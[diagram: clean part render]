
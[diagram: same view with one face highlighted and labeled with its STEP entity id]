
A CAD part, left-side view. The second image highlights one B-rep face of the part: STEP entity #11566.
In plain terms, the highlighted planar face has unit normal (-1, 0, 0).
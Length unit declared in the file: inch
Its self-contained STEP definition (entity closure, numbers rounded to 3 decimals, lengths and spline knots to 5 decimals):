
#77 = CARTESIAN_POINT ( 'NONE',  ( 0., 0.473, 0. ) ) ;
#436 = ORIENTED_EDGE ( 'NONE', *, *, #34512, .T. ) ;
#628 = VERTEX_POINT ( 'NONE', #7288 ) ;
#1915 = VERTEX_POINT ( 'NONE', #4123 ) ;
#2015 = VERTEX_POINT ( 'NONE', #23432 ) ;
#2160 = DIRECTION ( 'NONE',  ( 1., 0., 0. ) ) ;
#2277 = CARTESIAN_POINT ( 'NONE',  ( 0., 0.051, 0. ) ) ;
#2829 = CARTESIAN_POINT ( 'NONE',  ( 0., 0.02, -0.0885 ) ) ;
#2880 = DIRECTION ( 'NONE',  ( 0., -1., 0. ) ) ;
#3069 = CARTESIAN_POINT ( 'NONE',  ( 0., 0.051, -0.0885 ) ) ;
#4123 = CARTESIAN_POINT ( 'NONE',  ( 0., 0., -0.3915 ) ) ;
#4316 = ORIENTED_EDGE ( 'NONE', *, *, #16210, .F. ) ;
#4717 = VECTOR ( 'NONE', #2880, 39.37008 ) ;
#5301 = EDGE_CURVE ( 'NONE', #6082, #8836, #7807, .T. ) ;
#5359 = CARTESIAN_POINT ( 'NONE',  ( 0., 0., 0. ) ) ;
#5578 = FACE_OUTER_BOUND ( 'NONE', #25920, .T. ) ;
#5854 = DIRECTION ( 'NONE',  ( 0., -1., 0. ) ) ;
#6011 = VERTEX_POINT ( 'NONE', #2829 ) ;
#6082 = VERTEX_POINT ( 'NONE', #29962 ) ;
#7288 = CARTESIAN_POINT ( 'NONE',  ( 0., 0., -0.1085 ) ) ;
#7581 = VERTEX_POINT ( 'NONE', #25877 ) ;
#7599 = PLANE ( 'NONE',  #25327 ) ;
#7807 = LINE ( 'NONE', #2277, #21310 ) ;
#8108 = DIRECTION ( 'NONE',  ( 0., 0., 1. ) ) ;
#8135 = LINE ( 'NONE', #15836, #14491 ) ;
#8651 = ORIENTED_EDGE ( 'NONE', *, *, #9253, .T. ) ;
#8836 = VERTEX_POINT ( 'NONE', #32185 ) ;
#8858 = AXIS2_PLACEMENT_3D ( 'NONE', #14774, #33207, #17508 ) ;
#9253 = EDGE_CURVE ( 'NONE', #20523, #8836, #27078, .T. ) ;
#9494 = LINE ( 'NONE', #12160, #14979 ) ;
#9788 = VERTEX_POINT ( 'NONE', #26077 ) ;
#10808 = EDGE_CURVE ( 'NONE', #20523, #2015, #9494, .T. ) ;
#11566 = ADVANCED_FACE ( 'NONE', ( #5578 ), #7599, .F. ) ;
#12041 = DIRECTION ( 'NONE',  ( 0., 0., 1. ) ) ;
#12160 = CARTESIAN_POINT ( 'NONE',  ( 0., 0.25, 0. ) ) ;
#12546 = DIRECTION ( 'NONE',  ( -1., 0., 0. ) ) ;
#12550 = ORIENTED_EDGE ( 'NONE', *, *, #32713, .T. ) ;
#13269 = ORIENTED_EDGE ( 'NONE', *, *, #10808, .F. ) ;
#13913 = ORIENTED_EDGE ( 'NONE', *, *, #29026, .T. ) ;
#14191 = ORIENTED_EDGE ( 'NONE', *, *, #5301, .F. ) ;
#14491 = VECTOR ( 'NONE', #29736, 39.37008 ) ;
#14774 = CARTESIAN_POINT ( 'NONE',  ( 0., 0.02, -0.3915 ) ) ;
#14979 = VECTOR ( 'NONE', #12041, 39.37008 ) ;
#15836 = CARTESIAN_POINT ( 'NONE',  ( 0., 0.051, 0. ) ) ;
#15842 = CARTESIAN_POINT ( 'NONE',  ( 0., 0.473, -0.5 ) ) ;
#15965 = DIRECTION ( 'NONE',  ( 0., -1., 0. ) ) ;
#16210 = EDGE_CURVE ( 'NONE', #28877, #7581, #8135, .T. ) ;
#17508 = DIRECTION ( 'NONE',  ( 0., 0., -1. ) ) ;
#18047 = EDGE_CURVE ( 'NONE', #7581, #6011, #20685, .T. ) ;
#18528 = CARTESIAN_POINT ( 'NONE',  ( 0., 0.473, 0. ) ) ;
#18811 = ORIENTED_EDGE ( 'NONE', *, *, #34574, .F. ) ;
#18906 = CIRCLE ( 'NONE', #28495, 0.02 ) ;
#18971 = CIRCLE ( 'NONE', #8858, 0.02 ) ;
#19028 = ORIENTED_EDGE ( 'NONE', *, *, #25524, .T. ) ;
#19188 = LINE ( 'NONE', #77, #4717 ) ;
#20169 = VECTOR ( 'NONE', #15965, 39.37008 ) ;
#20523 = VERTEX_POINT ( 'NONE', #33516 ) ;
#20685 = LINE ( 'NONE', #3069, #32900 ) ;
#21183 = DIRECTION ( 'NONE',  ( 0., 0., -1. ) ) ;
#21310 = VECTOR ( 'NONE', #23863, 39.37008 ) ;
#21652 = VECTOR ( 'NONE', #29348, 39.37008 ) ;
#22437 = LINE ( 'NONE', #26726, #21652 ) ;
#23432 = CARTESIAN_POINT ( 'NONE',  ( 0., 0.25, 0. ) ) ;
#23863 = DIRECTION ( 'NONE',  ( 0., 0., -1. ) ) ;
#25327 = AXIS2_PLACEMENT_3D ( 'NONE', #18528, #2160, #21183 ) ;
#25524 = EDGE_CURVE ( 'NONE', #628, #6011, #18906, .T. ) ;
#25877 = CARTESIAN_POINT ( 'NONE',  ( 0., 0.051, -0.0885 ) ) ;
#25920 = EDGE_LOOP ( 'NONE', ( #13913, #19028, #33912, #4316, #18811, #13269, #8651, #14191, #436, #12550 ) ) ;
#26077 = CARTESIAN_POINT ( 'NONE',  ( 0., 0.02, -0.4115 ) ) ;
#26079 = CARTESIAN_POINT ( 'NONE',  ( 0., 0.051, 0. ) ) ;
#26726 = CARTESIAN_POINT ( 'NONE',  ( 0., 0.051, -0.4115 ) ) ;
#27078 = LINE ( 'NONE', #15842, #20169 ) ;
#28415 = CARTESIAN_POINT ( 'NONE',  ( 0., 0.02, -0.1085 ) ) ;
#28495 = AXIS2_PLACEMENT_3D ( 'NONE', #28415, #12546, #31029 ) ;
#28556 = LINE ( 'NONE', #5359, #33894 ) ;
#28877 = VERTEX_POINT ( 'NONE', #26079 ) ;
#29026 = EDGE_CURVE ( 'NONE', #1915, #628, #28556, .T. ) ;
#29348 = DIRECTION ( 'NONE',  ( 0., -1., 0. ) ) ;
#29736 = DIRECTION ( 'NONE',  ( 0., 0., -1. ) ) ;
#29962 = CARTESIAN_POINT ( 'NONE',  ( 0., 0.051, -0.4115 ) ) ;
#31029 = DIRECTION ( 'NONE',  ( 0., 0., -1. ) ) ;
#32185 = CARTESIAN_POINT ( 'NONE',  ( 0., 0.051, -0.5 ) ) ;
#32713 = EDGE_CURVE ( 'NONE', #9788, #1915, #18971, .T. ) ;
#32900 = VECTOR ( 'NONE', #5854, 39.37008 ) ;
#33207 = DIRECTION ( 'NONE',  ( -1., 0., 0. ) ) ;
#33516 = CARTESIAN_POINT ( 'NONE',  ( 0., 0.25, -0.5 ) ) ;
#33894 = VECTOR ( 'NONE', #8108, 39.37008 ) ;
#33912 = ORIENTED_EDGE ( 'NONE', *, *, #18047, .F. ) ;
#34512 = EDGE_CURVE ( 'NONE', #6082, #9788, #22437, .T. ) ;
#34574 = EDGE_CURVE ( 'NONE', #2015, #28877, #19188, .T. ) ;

- _EXERCISE DIRECTIONS_
Go through the listing above and copy each line that contains "CIRCLE".

- _YOUR SOLUTION_
#18906 = CIRCLE ( 'NONE', #28495, 0.02 ) ;
#18971 = CIRCLE ( 'NONE', #8858, 0.02 ) ;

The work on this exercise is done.